En el presupuesto “no se hace mención a los ingresos que se generarían por la municipalización del servicio de agua, cloacas, desagües pluviales y planta depuradora”, indicaron desde el radicalismo

lHablan de sobretasas y consideran que al mantenerse la potestad del Ejecutivo de modificar tributos, la aprobación en el Concejo Deliberante puede ser solo “una cuestión simbólica”

En el presupuesto “no se hace mención a los ingresos que se generarían por la municipalización del servicio de agua, cloacas, desagües pluviales y planta depuradora”, indicaron desde el radicalismo

“Villa María es una ciudad cara. Cuando se hacen las cuentas de lo que se le paga al municipio, el vecino no solo debe sumar lo que le viene por cedulones, sino también los impuestos municipales que paga con los servicios de luz, gas y telefonía”.

Esto señaló el comité radical de esta localidad, presidido por Marcelo Barotto (foto), al dar su visión por escrito en el marco del tratamiento legislativo de los proyectos de presupuesto y tarifaria para el año próximo.

En el documento, el centenario partido es crítico de las herramientas principales con las que aspira a contar el Gobierno de Martín Gill el año que viene, aunque esto no tendría un correlato con la decisión que adoptarían sus concejales, Nora Landart y Gustavo Bustamante, quienes respaldarían los proyectos oficiales.

En un pronunciamiento público, la Unión Cívica Radical apuntó que el municipio tiene previsto recaudar en el próximo período 342 millones de pesos más que este año a través de las distintas tasas, un dinero que “se detrae del consumo, del ahorro y la inversión”.

“Al igual que años anteriores se le otorga al Ejecutivo la potestad de modificar tributos en contra de lo establecido por la Carta Orgánica Municipal, y puede convertir la aprobación de la tarifaria, por parte del Concejo Deliberante, en una cuestión simbólica”, advirtió el partido en otro párrafo, haciendo referencia a la posibilidad legal de ajustar las tasas a lo largo del año, algo que el intendente Martín Gill no ha hecho desde que asumió.

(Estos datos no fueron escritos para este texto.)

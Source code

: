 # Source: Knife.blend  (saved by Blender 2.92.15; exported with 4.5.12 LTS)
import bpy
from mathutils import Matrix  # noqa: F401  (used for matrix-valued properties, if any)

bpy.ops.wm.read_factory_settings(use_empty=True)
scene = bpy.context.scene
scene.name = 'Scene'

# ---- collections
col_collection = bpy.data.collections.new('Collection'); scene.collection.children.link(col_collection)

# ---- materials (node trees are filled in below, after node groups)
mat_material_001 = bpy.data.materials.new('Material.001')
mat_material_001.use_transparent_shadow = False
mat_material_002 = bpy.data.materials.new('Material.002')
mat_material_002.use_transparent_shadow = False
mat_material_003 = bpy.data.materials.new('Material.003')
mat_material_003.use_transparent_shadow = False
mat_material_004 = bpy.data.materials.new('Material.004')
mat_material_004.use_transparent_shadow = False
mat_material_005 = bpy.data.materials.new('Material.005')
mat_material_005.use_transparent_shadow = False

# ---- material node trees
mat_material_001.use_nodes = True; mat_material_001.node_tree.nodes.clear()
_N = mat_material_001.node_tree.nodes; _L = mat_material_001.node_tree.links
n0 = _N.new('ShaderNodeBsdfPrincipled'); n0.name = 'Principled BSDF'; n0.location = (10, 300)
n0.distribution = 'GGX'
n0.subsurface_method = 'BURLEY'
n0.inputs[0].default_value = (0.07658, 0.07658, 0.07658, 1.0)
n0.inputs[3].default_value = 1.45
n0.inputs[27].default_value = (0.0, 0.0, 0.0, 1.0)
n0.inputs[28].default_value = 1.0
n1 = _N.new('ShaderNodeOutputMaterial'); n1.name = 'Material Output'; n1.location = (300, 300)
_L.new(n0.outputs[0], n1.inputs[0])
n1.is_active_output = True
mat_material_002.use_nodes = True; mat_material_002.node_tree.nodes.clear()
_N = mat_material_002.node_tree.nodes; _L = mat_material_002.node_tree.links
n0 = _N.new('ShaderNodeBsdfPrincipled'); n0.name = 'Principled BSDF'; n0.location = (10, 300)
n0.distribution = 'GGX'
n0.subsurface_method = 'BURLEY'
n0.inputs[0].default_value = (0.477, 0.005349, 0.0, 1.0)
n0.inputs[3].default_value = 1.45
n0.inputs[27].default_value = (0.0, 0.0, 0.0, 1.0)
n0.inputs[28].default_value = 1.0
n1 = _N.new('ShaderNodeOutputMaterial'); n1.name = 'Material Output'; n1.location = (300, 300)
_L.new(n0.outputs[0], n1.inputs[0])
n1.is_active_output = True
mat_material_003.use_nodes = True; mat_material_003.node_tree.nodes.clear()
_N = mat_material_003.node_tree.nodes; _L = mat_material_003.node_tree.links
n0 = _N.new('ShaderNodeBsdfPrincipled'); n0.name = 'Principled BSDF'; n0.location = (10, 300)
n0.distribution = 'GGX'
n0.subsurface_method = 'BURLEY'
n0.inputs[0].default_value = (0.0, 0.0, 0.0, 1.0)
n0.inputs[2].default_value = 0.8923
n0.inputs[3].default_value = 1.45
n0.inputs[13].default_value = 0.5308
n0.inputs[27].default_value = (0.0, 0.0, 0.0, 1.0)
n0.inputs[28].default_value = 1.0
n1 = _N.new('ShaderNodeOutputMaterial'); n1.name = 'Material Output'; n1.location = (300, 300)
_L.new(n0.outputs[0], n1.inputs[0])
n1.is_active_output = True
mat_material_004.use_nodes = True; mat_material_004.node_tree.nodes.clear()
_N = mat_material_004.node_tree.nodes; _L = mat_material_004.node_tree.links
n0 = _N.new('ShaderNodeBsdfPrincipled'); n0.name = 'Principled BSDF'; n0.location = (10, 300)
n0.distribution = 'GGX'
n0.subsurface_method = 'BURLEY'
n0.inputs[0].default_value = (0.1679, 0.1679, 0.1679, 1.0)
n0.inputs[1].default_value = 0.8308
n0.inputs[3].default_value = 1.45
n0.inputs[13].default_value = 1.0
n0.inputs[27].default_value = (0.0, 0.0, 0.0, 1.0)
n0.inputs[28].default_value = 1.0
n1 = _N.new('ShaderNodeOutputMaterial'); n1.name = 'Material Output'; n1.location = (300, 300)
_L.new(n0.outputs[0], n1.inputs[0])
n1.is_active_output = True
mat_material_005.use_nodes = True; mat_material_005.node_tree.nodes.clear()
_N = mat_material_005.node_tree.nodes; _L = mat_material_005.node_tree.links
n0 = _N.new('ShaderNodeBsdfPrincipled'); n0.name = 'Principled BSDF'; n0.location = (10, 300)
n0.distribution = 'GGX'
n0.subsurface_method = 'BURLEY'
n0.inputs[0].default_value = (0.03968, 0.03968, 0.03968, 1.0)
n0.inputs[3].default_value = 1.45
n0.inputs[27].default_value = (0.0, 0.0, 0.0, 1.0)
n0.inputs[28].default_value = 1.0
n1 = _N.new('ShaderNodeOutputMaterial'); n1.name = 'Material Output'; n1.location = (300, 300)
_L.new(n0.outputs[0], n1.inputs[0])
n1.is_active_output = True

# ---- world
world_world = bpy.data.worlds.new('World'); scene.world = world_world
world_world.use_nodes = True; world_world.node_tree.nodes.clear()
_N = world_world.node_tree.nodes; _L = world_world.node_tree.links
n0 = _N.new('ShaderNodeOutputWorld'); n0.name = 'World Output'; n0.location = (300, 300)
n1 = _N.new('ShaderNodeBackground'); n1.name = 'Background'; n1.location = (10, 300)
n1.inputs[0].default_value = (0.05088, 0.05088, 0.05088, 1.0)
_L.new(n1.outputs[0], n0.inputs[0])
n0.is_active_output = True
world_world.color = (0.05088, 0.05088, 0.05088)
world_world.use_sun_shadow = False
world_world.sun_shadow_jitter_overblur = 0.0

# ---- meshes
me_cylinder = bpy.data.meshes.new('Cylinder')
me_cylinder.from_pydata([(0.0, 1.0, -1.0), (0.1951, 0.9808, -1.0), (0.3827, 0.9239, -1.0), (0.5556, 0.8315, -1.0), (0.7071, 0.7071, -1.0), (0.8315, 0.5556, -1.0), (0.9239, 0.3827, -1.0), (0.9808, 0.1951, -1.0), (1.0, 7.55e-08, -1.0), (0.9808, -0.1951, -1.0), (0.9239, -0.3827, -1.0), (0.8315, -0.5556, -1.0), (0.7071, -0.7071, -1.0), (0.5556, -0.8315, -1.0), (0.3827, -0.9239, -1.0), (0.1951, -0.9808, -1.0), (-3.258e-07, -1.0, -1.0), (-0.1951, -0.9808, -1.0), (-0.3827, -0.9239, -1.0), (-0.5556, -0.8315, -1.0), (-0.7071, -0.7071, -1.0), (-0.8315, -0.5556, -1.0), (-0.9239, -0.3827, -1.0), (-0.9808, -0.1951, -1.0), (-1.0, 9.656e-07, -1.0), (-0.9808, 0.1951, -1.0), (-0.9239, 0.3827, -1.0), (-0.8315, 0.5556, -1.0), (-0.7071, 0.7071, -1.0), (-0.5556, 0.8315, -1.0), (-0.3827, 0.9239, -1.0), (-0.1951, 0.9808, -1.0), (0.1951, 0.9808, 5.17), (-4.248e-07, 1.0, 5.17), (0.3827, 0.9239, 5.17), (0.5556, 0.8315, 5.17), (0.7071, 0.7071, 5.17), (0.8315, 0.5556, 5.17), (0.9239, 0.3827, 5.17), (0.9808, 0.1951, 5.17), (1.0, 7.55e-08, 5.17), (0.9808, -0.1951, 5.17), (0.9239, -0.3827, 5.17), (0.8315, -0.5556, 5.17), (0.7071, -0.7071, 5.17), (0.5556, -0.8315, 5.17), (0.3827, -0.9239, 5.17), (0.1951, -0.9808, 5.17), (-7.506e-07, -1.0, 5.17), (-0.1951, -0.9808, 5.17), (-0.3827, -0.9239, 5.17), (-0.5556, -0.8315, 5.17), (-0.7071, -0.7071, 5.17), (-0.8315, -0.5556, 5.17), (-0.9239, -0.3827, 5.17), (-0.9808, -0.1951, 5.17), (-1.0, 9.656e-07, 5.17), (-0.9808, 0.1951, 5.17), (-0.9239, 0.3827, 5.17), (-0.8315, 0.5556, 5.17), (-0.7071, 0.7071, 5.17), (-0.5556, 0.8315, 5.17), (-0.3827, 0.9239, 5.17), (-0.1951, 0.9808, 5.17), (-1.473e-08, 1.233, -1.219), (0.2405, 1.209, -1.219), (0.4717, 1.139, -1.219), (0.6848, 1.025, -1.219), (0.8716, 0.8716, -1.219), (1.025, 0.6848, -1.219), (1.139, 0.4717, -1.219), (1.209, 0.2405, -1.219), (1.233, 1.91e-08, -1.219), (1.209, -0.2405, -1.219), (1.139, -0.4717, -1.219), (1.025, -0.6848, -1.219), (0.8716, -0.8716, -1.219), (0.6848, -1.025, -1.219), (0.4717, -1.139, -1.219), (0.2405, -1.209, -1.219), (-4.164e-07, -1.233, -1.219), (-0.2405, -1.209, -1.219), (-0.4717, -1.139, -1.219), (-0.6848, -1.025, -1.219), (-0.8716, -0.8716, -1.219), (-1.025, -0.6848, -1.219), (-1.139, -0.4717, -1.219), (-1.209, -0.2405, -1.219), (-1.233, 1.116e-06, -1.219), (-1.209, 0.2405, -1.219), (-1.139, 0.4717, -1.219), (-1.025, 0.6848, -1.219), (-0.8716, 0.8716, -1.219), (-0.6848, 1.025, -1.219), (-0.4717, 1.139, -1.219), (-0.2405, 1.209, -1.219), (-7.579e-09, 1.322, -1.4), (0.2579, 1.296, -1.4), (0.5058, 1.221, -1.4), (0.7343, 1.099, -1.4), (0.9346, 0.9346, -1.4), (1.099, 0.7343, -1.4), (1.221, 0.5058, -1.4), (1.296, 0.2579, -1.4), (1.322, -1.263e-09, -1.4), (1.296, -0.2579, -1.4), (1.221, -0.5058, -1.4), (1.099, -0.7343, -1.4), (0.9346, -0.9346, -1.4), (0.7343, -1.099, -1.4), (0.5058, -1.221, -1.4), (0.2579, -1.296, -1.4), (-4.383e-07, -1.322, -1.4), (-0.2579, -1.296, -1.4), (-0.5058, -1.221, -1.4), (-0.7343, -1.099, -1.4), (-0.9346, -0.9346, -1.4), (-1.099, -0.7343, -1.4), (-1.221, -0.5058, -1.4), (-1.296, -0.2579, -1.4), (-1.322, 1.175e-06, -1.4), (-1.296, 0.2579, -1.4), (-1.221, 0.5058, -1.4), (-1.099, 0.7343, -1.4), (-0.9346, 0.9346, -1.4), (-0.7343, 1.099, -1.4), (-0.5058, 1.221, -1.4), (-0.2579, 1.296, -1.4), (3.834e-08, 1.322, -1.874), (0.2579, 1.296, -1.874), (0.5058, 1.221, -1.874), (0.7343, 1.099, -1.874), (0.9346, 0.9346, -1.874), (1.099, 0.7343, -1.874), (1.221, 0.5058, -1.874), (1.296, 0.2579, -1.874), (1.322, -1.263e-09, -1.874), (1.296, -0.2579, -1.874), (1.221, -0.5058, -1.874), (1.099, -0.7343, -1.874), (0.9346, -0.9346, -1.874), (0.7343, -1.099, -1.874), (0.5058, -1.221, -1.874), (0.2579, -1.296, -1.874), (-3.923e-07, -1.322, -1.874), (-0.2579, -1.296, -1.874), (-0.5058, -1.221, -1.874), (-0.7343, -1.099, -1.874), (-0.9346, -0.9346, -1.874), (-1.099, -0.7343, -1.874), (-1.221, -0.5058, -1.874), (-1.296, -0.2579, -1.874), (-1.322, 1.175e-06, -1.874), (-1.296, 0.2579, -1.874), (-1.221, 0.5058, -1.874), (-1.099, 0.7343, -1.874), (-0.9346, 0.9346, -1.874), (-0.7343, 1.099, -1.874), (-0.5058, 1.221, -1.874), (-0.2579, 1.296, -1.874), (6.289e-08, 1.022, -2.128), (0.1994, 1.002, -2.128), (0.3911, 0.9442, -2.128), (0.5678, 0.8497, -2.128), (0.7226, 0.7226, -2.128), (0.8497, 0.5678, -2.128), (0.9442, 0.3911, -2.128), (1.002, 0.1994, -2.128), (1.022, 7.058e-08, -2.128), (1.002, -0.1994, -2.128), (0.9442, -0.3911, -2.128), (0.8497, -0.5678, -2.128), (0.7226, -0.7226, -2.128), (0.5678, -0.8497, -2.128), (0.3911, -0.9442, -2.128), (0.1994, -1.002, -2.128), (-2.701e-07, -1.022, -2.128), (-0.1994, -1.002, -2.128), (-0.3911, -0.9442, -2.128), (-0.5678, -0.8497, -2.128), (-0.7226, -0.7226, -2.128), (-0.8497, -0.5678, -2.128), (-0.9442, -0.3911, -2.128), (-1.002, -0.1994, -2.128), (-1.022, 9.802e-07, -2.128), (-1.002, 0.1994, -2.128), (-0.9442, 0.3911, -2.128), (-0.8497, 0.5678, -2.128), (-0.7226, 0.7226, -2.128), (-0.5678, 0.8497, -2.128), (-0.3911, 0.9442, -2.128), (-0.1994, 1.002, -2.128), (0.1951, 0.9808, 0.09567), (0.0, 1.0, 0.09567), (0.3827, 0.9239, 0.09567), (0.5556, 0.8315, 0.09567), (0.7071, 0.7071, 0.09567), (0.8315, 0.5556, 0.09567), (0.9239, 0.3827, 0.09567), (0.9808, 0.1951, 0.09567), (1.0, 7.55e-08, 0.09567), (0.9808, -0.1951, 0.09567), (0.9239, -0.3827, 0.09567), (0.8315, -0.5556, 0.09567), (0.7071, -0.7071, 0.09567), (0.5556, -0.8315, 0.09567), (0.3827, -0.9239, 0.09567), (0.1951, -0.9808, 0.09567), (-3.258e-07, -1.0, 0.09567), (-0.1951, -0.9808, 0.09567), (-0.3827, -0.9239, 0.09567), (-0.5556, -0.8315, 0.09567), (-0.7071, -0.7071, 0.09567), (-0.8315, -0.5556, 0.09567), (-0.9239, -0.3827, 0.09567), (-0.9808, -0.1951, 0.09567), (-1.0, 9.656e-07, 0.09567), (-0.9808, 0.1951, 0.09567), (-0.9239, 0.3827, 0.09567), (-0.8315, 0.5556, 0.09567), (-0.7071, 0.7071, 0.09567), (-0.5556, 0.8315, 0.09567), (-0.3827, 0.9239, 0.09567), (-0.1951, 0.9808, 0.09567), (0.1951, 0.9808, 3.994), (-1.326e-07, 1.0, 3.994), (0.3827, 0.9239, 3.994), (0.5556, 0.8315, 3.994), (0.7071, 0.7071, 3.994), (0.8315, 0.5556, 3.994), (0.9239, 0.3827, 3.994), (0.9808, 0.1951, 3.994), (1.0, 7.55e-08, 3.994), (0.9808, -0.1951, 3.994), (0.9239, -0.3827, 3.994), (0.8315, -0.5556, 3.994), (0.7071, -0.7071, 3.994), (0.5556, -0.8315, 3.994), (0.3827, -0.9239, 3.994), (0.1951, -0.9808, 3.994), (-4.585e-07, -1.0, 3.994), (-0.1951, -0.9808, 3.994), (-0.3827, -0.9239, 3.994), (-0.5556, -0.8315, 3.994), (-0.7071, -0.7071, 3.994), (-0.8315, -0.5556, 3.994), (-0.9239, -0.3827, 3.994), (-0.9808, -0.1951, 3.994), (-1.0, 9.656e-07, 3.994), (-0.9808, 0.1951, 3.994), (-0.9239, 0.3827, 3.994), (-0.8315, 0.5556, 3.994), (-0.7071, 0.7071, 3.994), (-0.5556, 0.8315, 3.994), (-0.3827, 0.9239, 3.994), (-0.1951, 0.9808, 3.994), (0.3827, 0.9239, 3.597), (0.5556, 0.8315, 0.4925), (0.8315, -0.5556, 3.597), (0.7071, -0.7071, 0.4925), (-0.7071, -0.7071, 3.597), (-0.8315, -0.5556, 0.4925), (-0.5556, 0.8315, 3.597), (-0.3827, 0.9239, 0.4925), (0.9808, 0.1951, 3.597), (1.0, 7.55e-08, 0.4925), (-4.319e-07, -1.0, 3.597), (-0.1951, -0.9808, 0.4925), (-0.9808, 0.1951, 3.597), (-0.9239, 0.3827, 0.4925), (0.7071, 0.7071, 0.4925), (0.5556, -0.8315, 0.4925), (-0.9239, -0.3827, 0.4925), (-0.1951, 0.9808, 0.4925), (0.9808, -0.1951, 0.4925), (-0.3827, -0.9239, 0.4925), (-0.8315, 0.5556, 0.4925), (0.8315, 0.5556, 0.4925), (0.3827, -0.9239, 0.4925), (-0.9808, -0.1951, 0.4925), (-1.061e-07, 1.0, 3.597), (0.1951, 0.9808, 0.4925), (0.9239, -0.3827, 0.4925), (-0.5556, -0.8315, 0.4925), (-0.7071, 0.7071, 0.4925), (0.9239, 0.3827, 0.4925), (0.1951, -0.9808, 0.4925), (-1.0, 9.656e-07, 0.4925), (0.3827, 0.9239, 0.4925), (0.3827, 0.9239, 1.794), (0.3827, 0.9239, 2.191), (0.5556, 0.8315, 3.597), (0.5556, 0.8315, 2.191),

En otro orden, el radicalismo señaló que en el presupuesto “no se hace mención a los ingresos que se generarían por la municipalización del servicio de agua, cloacas, desagües pluviales y planta depuradora”.

Y en otro ítem, tras darse el detalle de lo que se prevé recaudar por el impuesto OIM (un 48% más que lo presupuestado en el 2017), advirtió que “por alumbrado público se recauda mucho más de lo que gasta”.

También hablan de “distorsiones que deberían corregirse, teniendo en cuenta el alto costo que representan”. Por ejemplo, “se aplica sobre las empresas telefónicas una tasa del 4% en concepto de contribución que incide sobre la actividad comercial, industrial y de servicios, que lo traslada directamente a los usuarios, tal como constan en las facturas, es decir, los usuarios terminan pagando las contribuciones que corresponden a las empresas telefónicas”.

“También existen, para financiar obras, sobretasas que se aplican a las facturas de gas y sobre prácticamente el resto de las contribuciones municipales, cuando para ello está la coparticipación, además de que la mayoría de las obras actuales se financian con fondos provinciales y/o nacionales o son ejecutadas directamente por la provincia”, indicó el radicalismo.